I regret not fighting hard enough for our marriage at the end of it but I felt I had no choice...but I should have stuck around and fought perhaps - might have been able to save the marriage but I was blind-sided by the whole affair and then she threatened to go to a women's shelter if I asked her any questions about what was going on and she said "no contact whatsoever". So I just vacated the marriage - figured if she didnt want it - neither did I. Knowing what I know now - she was (and perhaps still is) in the fog - so I do not know whether it would have mattered or not but I regret ot trying hard enough. Funny I still care about her as a person and know she'll regret what she did.


----------



## staystrong (Sep 15, 2012)

theroad said:


> The BH is not responsible for the WW having an affair.
> 
> The BH is responsible for how he fights the affair. When all the things that have to be done to have he will have the best chance to come out on top.
> 
> It is an up hill battle to begin with. Once a BH starts telling those that have been down the road with success before him that he knows better then them and is going to do it his way you know the Fat Lady is singing.


:iagree:

Learned this the hard way.


----------



## Will_Kane (Feb 26, 2012)

staystrong said:


> It's pride, man.
> 
> I feel I failed myself and my children.
> 
> Daddy didn't know how to "handle" the situation and Mommy/WS therefore left for the other man.


I agree with what you've posted about standing tall and enforcing no contact, but your wife failed.

Also, there are no guarantees. If you had done things differently, your wife still may be where she is now, despite your actions.

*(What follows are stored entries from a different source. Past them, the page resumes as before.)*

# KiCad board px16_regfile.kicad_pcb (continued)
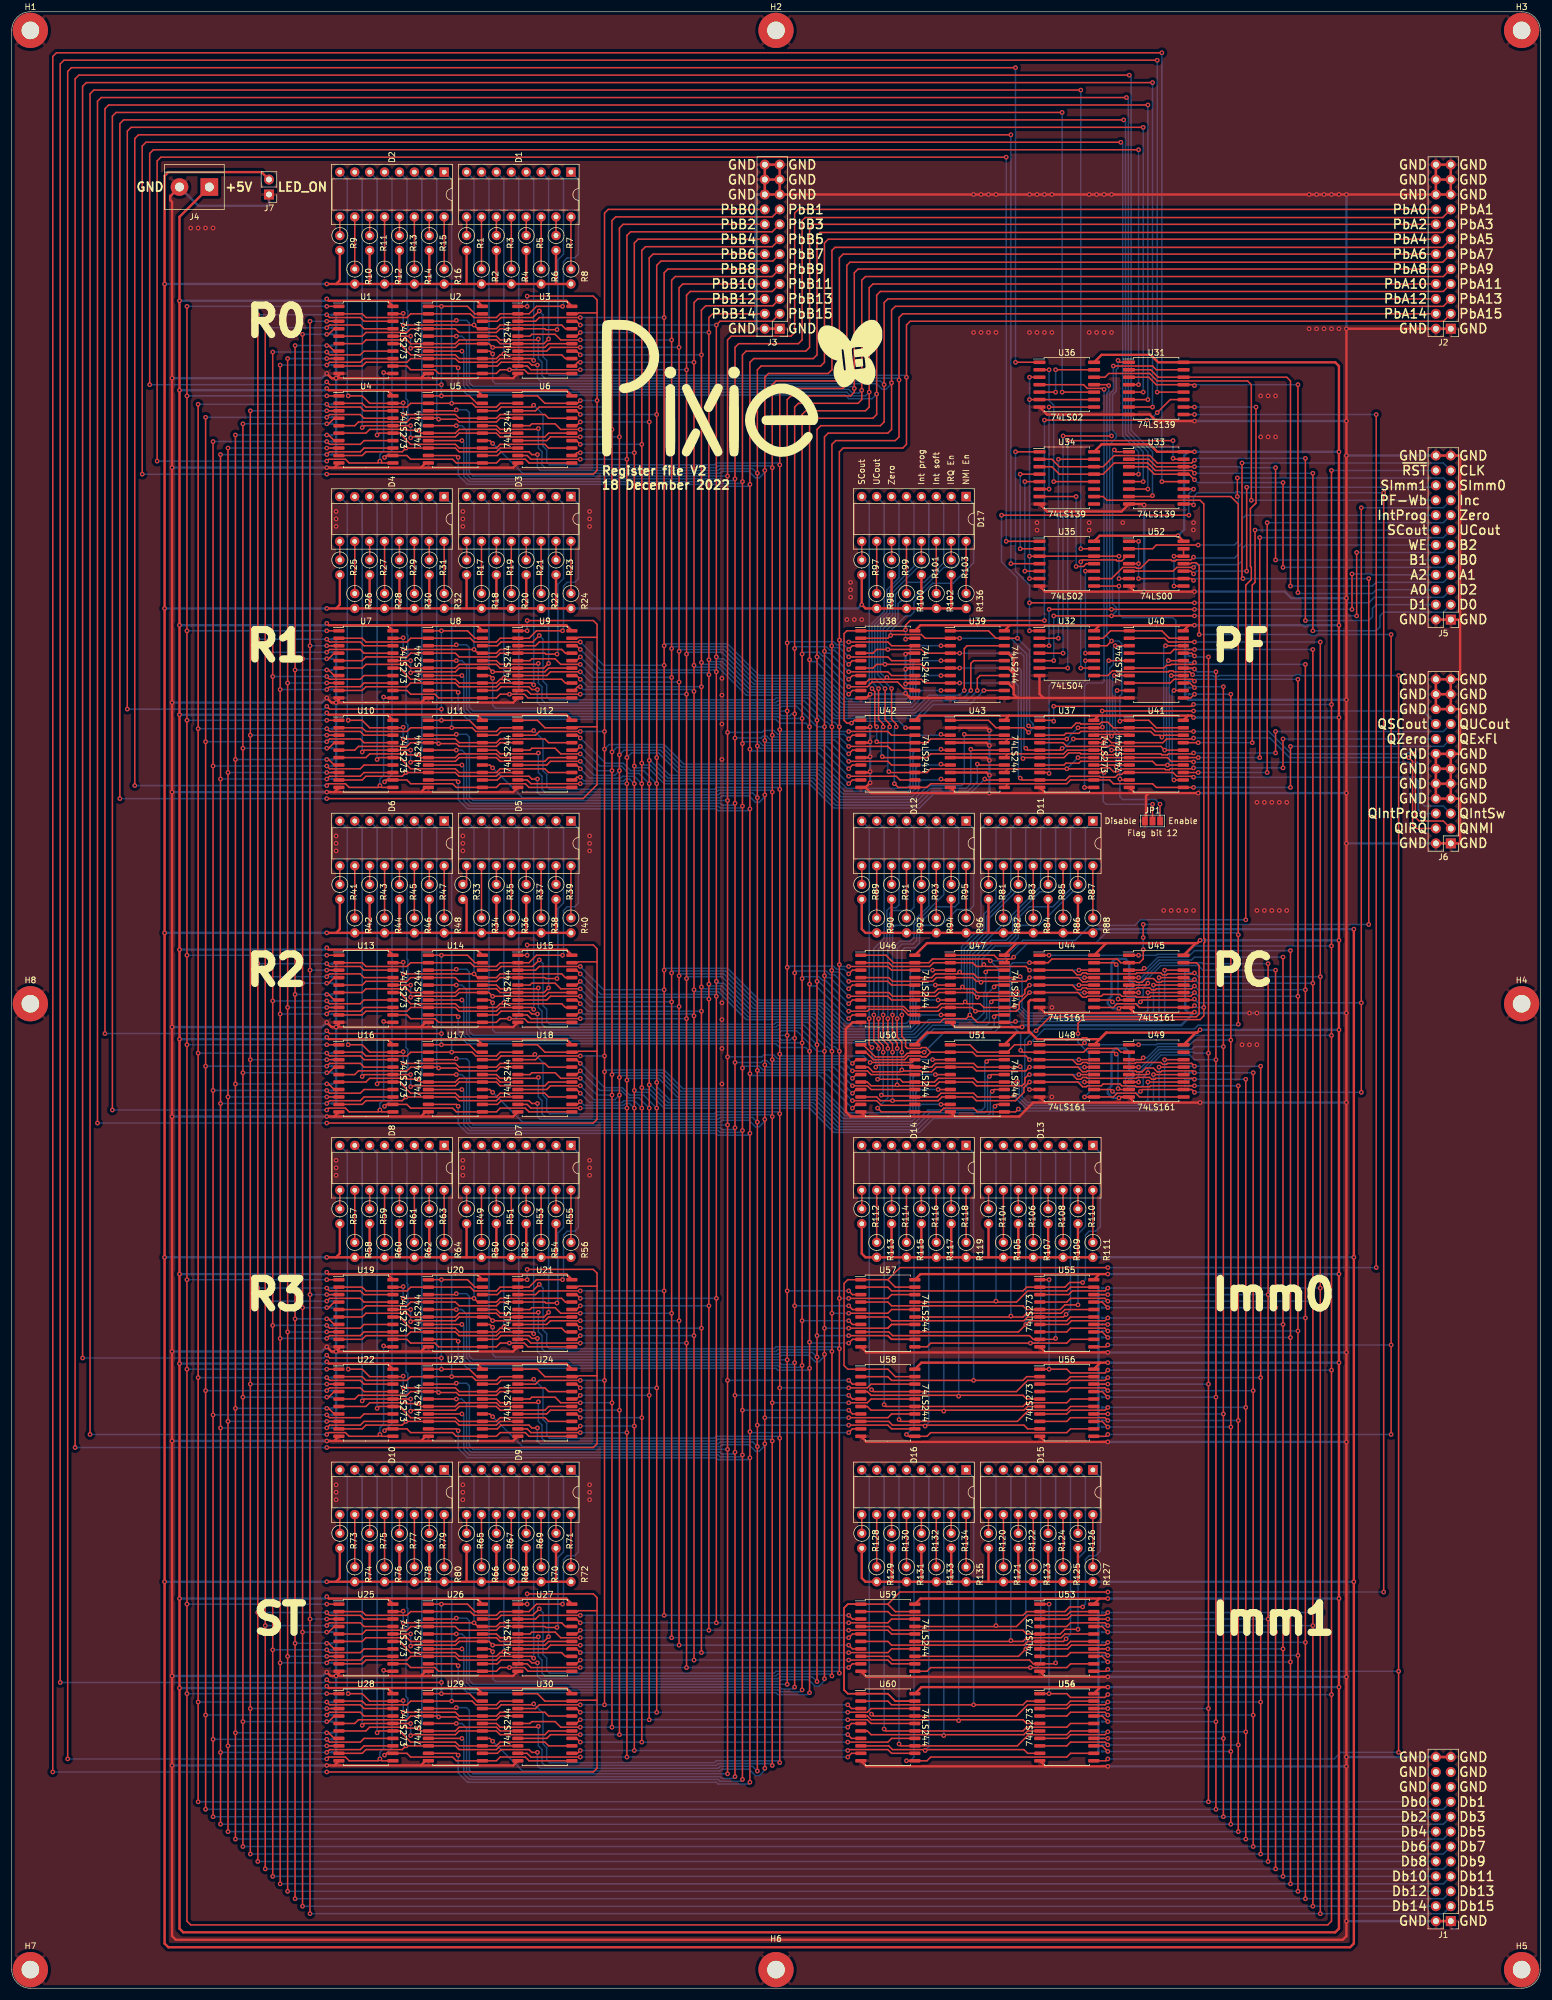
[diagram p0: board, top side]
## Routing (per net, layer and track width the routed paths; a pad name or vN(x,y) marks a point on that pad's centre or on a via; arc(x,y) is an arc through that point) (continued)
  Bottom w0.25: v1(201.45,167.32) 201.77,167.01 v1(203.04,167.01) ; v1(182.72,151.77) 183.51,152.56 183.51,159.15 181.61,161.06 v1(181.61,162.56)
/~{PF-OEa}: length 127.4
  Top w0.25: U38.19 152.4,229.87 v1(152.24,229.71) ; v1(195.1,268.29) 197.33,270.51 U31.11 ; v1(175.89,267.02) v1(193.36,267.02) ; v1(152.24,214.63) U42.19 ; v1(175.89,232.89) 153.04,232.89 152.24,232.09 v1(152.24,231.3) 152.08,231.14 U38.1 142.24,231.14 141.76,230.66 141.76,215.9 142.24,215.42 v1(143.03,215.42) 143.51,215.9 U42.1
  Bottom w0.25: v1(193.36,267.02) 193.83,267.02 v1(195.1,268.29) ; v1(152.24,231.3) v1(152.24,229.71) ; v1(143.03,215.42) 143.35,215.74 151.13,215.74 v1(152.24,214.63) ; v1(175.89,232.89) v1(175.89,267.02)
/~{PF-OEb}: length 104.1
  Top w0.25: v1(173.2,213.84) 172.4,214.63 U43.19 167.64,214.63 166.37,215.9 U43.1 ; U39.1 166.37,231.14 167.64,229.87 U39.19 v1(171.29,229.87) ; v1(168.59,250.83) v1(200.5,250.83) ; v1(201.29,255.27) U33.11
  Bottom w0.25: v1(201.29,255.27) 200.5,254.48 v1(200.5,250.83) ; v1(173.2,213.84) 173.99,214.63 173.99,215.27 173.35,215.9 173.35,227.81 v1(171.29,229.87) 171.29,240.19 168.59,242.89 v1(168.59,250.83)
/~{PF-Wa}: length 16.2
  Top w0.25: U40.19 197.17,229.87 195.9,231.14 U40.1 187.17,231.14 185.9,229.87 U32.13
/~{R0-OEa}: length 334.5
  Top w0.25: v1(53.66,273.53) 54.13,273.05 v1(73.18,273.05) ; U5.19 79.22,269.88 77.95,271.15 v1(73.18,271.15) U5.1 ; U2.1 v1(73.18,286.39) 77.63,286.39 78.9,285.12 U2.19 ; U31.4 v1(191.93,273.05) ; v1(23.5,273.05) 23.5,312.42 24.13,313.06 v1(191.93,313.06)
  Bottom w0.25: v1(73.18,286.39) v1(73.18,273.05) v1(73.18,271.15) ; v1(23.5,273.05) 53.18,273.05 v1(53.66,273.53) ; v1(191.93,273.05) v1(191.93,313.06)
/~{R0-OEb}: length 423.1
  Top w0.25: v1(188.91,314.33) 22.86,314.33 22.23,313.69 v1(22.23,257.81) ; 99.7,285.27 99.7,287.5 99.05,288.14 v1(87.79,288.14) ; 99.7,285.27 v1(99.7,270.35) 99.7,258.45 99.06,257.81 v1(53.66,257.81) ; 99.7,285.27 96.52,285.27 96.36,285.12 U3.19 ; U33.4 v1(191.93,257.81) ; U6.1 89.54,271.15 90.81,269.88 U6.19 96.36,269.88 v1(96.84,270.35) ; U3.1 v1(87.79,286.39)
  Bottom w0.25: v1(188.91,314.33) 189.23,314.01 189.23,264.32 191.93,261.62 v1(191.93,257.81) ; v1(99.7,270.35) v1(96.84,270.35) ; v1(53.66,257.81) v1(22.23,257.81) ; v1(87.79,286.39) v1(87.79,288.14)
/~{R0-WE}: length 19.3
  Top w0.25: v1(171.77,245.11) U35.2 ; U34.4 v1(171.77,257.81)
  Bottom w0.25: v1(171.77,257.81) v1(171.77,245.11)
/~{R1-OEa}: length 407.8
  Top w0.25: U11.1 v1(73.18,215.9) 77.95,215.9 79.22,214.63 U11.19 ; v1(73.18,217.81) 54.13,217.81 v1(53.66,218.28) ; U8.1 v1(73.18,231.14) 77.63,231.14 78.9,229.87 U8.19 ; v1(192.72,316.87) 20.32,316.87 19.68,316.23 v1(19.68,217.81) ; U31.5 v1(192.72,271.78)
  Bottom w0.25: v1(73.18,215.9) v1(73.18,217.81) v1(73.18,231.14) ; v1(192.72,271.78) v1(192.72,316.87) ; v1(19.68,217.81) 53.18,217.81 v1(53.66,218.28)
/~{R1-OEb}: length 495.1
  Top w0.25: v1(189.39,318.14) 19.05,318.14 18.42,317.5 v1(18.42,202.57) ; U12.1 89.54,215.9 90.81,214.63 U12.19 96.36,214.63 96.52,214.79 99.7,214.79 ; 99.7,214.79 99.7,230.03 ; 99.7,214.79 99.7,204.95 97.31,202.57 v1(53.66,202.57) ; 99.7,230.03 96.52,230.03 96.36,229.87 U9.19 ; 99.7,230.03 99.7,232.25 99.06,232.89 87.79,232.89 v1(87.79,232.89) ; U33.5 v1(192.72,256.54) ; U9.1 v1(87.79,231.14)
  Bottom w0.25: v1(189.39,318.14) 189.71,317.82 189.71,264.64 192.72,261.62 v1(192.72,256.54) ; v1(53.66,202.57) v1(18.42,202.57) ; v1(87.79,231.14) v1(87.79,232.89)
/~{R1-WE}: length 20.2
  Top w0.25: U35.5 v1(172.56,241.3) ; v1(172.56,256.54) U34.5
  Bottom w0.25: v1(172.56,241.3) v1(172.56,256.54)
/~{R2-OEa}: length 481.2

It is good to learn from your mistakes. It serves no purpose to beat yourself up over them. You did the best you could with what you knew and how you felt at the time. There is no shame in that.


----------



## staystrong (Sep 15, 2012)

Yes, she did fail.

You're right, there are no guarantees. Maybe she just lost that loving feeling and it's gone. 

Maybe it's a control issue on my part but I feel as though I had done the things the veterans on this board suggest (exposing, maintaining hard NC, etc.) there's a greater chance she'd still be in my arms again and we would've worked through this ordeal. 

I'm a good man. I'm a good father. I thought I was a good husband and lover. No, I take that back.. I KNOW I was a good husband and lover. 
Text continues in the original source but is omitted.